[Data extracted from a collection]
● ● ● ●
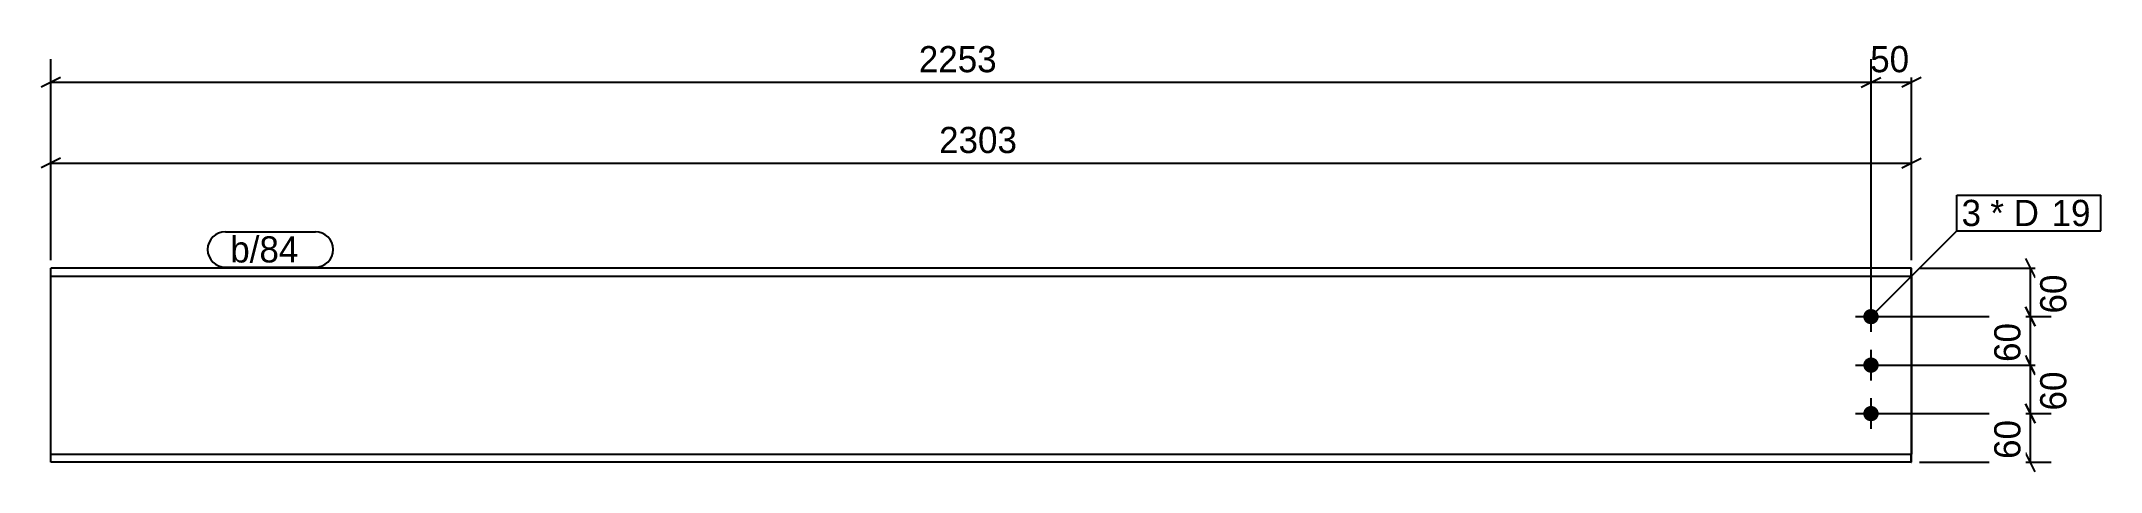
# Model space of a CAD drawing. Header units: millimetres. Extents: x 32 to 2581, y 32 to 565.
import ezdxf

# ---------------------------------------------------------------- set-up
doc = ezdxf.new("R2010")
doc.units = ezdxf.units.MM
doc.linetypes.add('DXK_LINE_DOT4', pattern=[0.9408, 0.4704, -0.4704])
doc.styles.add('Comic Sans MS', font='COMIC.TTF', dxfattribs={"height": 0.2})

msp = doc.modelspace()

# ---------------------------------------------------------------- hatches: boundary and pattern name
at = {"linetype": 'Continuous'}
for points in [[(2306.2, 224), (2306, 222), (2305.4, 220.1), (2304.4, 218.4), (2303.1, 216.9), (2301.5, 215.8), (2299.6, 215), (2297.7, 214.6), (2295.7, 214.6), (2293.8, 215), (2292, 215.8), (2290.4, 216.9), (2289, 218.4), (2288, 220.1), (2287.4, 222), (2287.2, 224), (2287.4, 226), (2288, 227.9), (2289, 229.6), (2290.4, 231.1), (2292, 232.2), (2293.8, 233), (2295.7, 233.4), (2297.7, 233.4), (2299.6, 233), (2301.5, 232.2), (2303.1, 231.1), (2304.4, 229.6), (2305.4, 227.9), (2306, 226)], [(2306.2, 164), (2306, 162), (2305.4, 160.1), (2304.4, 158.4), (2303.1, 156.9), (2301.5, 155.8), (2299.6, 155), (2297.7, 154.6), (2295.7, 154.6), (2293.8, 155), (2292, 155.8), (2290.4, 156.9), (2289, 158.4), (2288, 160.1), (2287.4, 162), (2287.2, 164), (2287.4, 166), (2288, 167.9), (2289, 169.6), (2290.4, 171.1), (2292, 172.2), (2293.8, 173), (2295.7, 173.4), (2297.7, 173.4), (2299.6, 173), (2301.5, 172.2), (2303.1, 171.1), (2304.4, 169.6), (2305.4, 167.9), (2306, 166)], [(2306.2, 104), (2306, 102), (2305.4, 100.1), (2304.4, 98.4), (2303.1, 96.9), (2301.5, 95.8), (2299.6, 95), (2297.7, 94.6), (2295.7, 94.6), (2293.8, 95), (2292, 95.8), (2290.4, 96.9), (2289, 98.4), (2288, 100.1), (2287.4, 102), (2287.2, 104), (2287.4, 106), (2288, 107.9), (2289, 109.6), (2290.4, 111.1), (2292, 112.2), (2293.8, 113), (2295.7, 113.4), (2297.7, 113.4), (2299.6, 113), (2301.5, 112.2), (2303.1, 111.1), (2304.4, 109.6), (2305.4, 107.9), (2306, 106)]]:
    msp.add_hatch(color=3, dxfattribs=at).paths.add_polyline_path(points)

# ---------------------------------------------------------------- linework, layer by layer
at = {"color": 8, "linetype": 'Continuous'}
for p, q in [((44, 294), (44, 542.4)), ((2296.7, 234), (2296.7, 542.4)), ((2346.8, 294), (2346.8, 542.4)), ((56, 520), (32, 508)), ((2284.7, 508), (2308.7, 520)), ((2296.7, 514), (2346.8, 514)), ((2358.8, 520), (2334.8, 508)), ((44, 294), (44, 442.4)), ((2346.8, 294), (2346.8, 442.4)), ((56, 420), (32, 408)), ((44, 414), (2346.8, 414)), ((2334.8, 408), (2358.8, 420)), ((2356.8, 284), (2522.4, 284)), ((2488, 296), (2500, 272)), ((2494, 224), (2494, 284)), ((2500, 212), (2488, 236)), ((2306.7, 224), (2522.4, 224)), ((2306.7, 164), (2519.6, 164)), ((2500, 152), (2488, 176)), ((2306.7, 104), (2522.4, 104)), ((2500, 92), (2488, 116)), ((2500, 32), (2488, 56)), ((2356.8, 44), (2519.6, 44))]:
    msp.add_line(p, q, dxfattribs=at)
at = {"color": 7, "linetype": 'Continuous'}
for p, q in [((2581.1, 330.1), (2581.1, 374.1)), ((2346.8, 284), (44, 284)), ((44, 44), (44, 284)), ((2346.6, 284), (2346.8, 284)), ((2346.6, 274.2), (2346.6, 284)), ((2346.8, 274.2), (2346.8, 284)), ((44, 274.2), (2346.7, 274.2)), ((2346.7, 274.2), (2346.6, 274.2)), ((2346.8, 274.2), (2346.7, 274.2)), ((2346.7, 274.2), (2346.7, 53.8)), ((2346.7, 53.8), (2346.7, 274.2)), ((2346.7, 274.2), (2346.8, 274.2)), ((44, 53.8), (2346.7, 53.8)), ((2346.6, 44), (2346.6, 53.8)), ((2346.8, 53.8), (2346.7, 53.8)), ((2346.7, 53.8), (2346.8, 53.8)), ((2346.8, 44), (2346.8, 53.8)), ((2346.8, 44), (44, 44)), ((2346.6, 44), (2346.8, 44))]:
    msp.add_line(p, q, dxfattribs=at)
at = {"color": 7, "linetype": 'DXK_LINE_DOT4'}
for p, q in [((2346.7, 274.2), (2346.7, 274.2)), ((2346.7, 53.8), (2346.6, 53.8))]:
    msp.add_line(p, q, dxfattribs=at)
at = {"color": 3, "linetype": 'Continuous'}
for p, q in [((2296.7, 205), (2296.7, 243)), ((2277.7, 224), (2315.7, 224)), ((2296.7, 145), (2296.7, 183)), ((2277.7, 164), (2315.7, 164)), ((2277.7, 104), (2315.7, 104)), ((2296.7, 85), (2296.7, 123))]:
    msp.add_line(p, q, dxfattribs=at)

# ---------------------------------------------------------------- wipeouts: each hides what was drawn before it
at = {"color": 0}
msp.add_wipeout([(2434.8, 336.1), (2434.8, 368.1), (2408.8, 368.1), (2408.8, 336.1)], dxfattribs=at)

# ---------------------------------------------------------------- next in the draw order: wipeouts: each hides what was drawn before it
for points in [[(2354.2, 520), (2354.2, 564.8), (2289.3, 564.8), (2289.3, 520)], [(1253.9, 420), (1253.9, 464.8), (1136.9, 464.8), (1136.9, 420)], [(2434.8, 336.1), (2434.8, 368.1), (2408.8, 368.1), (2408.8, 336.1)], [(365.3, 291), (365.3, 323), (266, 323), (266, 291)], [(2544.8, 286.5), (2500, 286.5), (2500, 221.5), (2544.8, 221.5)]]:
    msp.add_wipeout(points, dxfattribs=at)

# ---------------------------------------------------------------- next in the draw order: linework, layer by layer
at = {"color": 8, "linetype": 'Continuous'}
for p, q in [((2296.7, 234), (2296.7, 542.4)), ((44, 514), (2296.7, 514)), ((2284.7, 508), (2308.7, 520)), ((2488, 236), (2500, 212)), ((2306.7, 224), (2519.6, 224)), ((2494, 164), (2494, 224))]:
    msp.add_line(p, q, dxfattribs=at)
at = {"color": 7, "linetype": 'Continuous'}
for p, q in [((2402.8, 330.1), (2402.8, 374.1)), ((2296.7, 224), (2402.8, 330.1))]:
    msp.add_line(p, q, dxfattribs=at)

# ---------------------------------------------------------------- next in the draw order: texts
at = {"color": 3, "style": 'Comic Sans MS'}
for s, height, p in [('50', 32.38, (2295.7, 526.4)), ('2303', 32.38, (1143.3, 426.4)), ('3', 32.4, (2408.8, 336.1))]:
    msp.add_text(s, height=height, dxfattribs=at).set_placement(p)
msp.add_text('60', height=32.38, rotation=90.0002, dxfattribs=at).set_placement((2538.4, 227.9))

# ---------------------------------------------------------------- next in the draw order: wipeouts: each hides what was drawn before it
at = {"color": 0}
for points in [[(2510.6, 336.1), (2510.6, 368.1), (2444.4, 368.1), (2444.4, 336.1)], [(365.3, 291), (365.3, 323), (266, 323), (266, 291)]]:
    msp.add_wipeout(points, dxfattribs=at)

# ---------------------------------------------------------------- next in the draw order: linework, layer by layer
at = {"color": 7, "linetype": 'Continuous'}
for p, q in [((260, 329), (371.3, 329)), ((260, 285), (371.3, 285))]:
    msp.add_line(p, q, dxfattribs=at)
for centre, start, end in [((260, 307), 90, 270), ((371.3, 307), 270, 90)]:
    msp.add_arc(centre, 22, start, end, dxfattribs=at)

# ---------------------------------------------------------------- next in the draw order: texts
at = {"color": 3, "style": 'Comic Sans MS'}
msp.add_text('b/84', height=32.38, dxfattribs=at).set_placement((266, 291))

# ---------------------------------------------------------------- next in the draw order: wipeouts: each hides what was drawn before it
at = {"color": 0}
for points in [[(1228.9, 520), (1228.9, 564.8), (1111.8, 564.8), (1111.8, 520)], [(2510.6, 336.1), (2510.6, 368.1), (2444.4, 368.1), (2444.4, 336.1)], [(2488, 226.5), (2443.2, 226.5), (2443.2, 161.5), (2488, 161.5)]]:
    msp.add_wipeout(points, dxfattribs=at)

# ---------------------------------------------------------------- next in the draw order: linework, layer by layer
at = {"color": 8, "linetype": 'Continuous'}
for p, q in [((2306.7, 164), (2522.4, 164)), ((2488, 176), (2500, 152)), ((2494, 104), (2494, 164))]:
    msp.add_line(p, q, dxfattribs=at)

# ---------------------------------------------------------------- next in the draw order: texts
at = {"color": 3, "style": 'Comic Sans MS'}
for s, p in [('2253', (1118.2, 526.4)), ('* D', (2444.4, 336.1))]:
    msp.add_text(s, height=32.38, dxfattribs=at).set_placement(p)
msp.add_text('60', height=32.38, rotation=90.0002, dxfattribs=at).set_placement((2481.6, 167.9))

# ---------------------------------------------------------------- next in the draw order: wipeouts: each hides what was drawn before it
at = {"color": 0}
msp.add_wipeout([(2565.5, 336.1), (2565.5, 368.1), (2520.2, 368.1), (2520.2, 336.1)], dxfattribs=at)

# ---------------------------------------------------------------- next in the draw order: wipeouts: each hides what was drawn before it
for points in [[(2565.5, 336.1), (2565.5, 368.1), (2520.2, 368.1), (2520.2, 336.1)], [(2544.8, 166.5), (2500, 166.5), (2500, 101.5), (2544.8, 101.5)]]:
    msp.add_wipeout(points, dxfattribs=at)

# ---------------------------------------------------------------- next in the draw order: linework, layer by layer
at = {"color": 7, "linetype": 'Continuous'}
for p, q in [((2402.8, 374.1), (2581.1, 374.1)), ((2402.8, 330.1), (2581.1, 330.1))]:
    msp.add_line(p, q, dxfattribs=at)
at = {"color": 8, "linetype": 'Continuous'}
for p, q in [((2306.7, 104), (2519.6, 104)), ((2488, 116), (2500, 92)), ((2494, 44), (2494, 104))]:
    msp.add_line(p, q, dxfattribs=at)

# ---------------------------------------------------------------- next in the draw order: texts
at = {"color": 3, "style": 'Comic Sans MS'}
msp.add_text('19', height=32.38, dxfattribs=at).set_placement((2520.2, 336.1))
msp.add_text('60', height=32.38, rotation=90.0002, dxfattribs=at).set_placement((2538.4, 107.9))

# ---------------------------------------------------------------- next in the draw order: wipeouts: each hides what was drawn before it
at = {"color": 0}
msp.add_wipeout([(2488, 106.5), (2443.2, 106.5), (2443.2, 41.5), (2488, 41.5)], dxfattribs=at)

# ---------------------------------------------------------------- next in the draw order: texts
at = {"color": 3, "style": 'Comic Sans MS'}
msp.add_text('60', height=32.38, rotation=90.0002, dxfattribs=at).set_placement((2481.6, 47.9))

doc.saveas('drawing.dxf')
● ● ● ●
→ Work task: Scan each line of the entries above for the word "pattern" and report how many lines contain it, with nothing else.

→ Task response: 2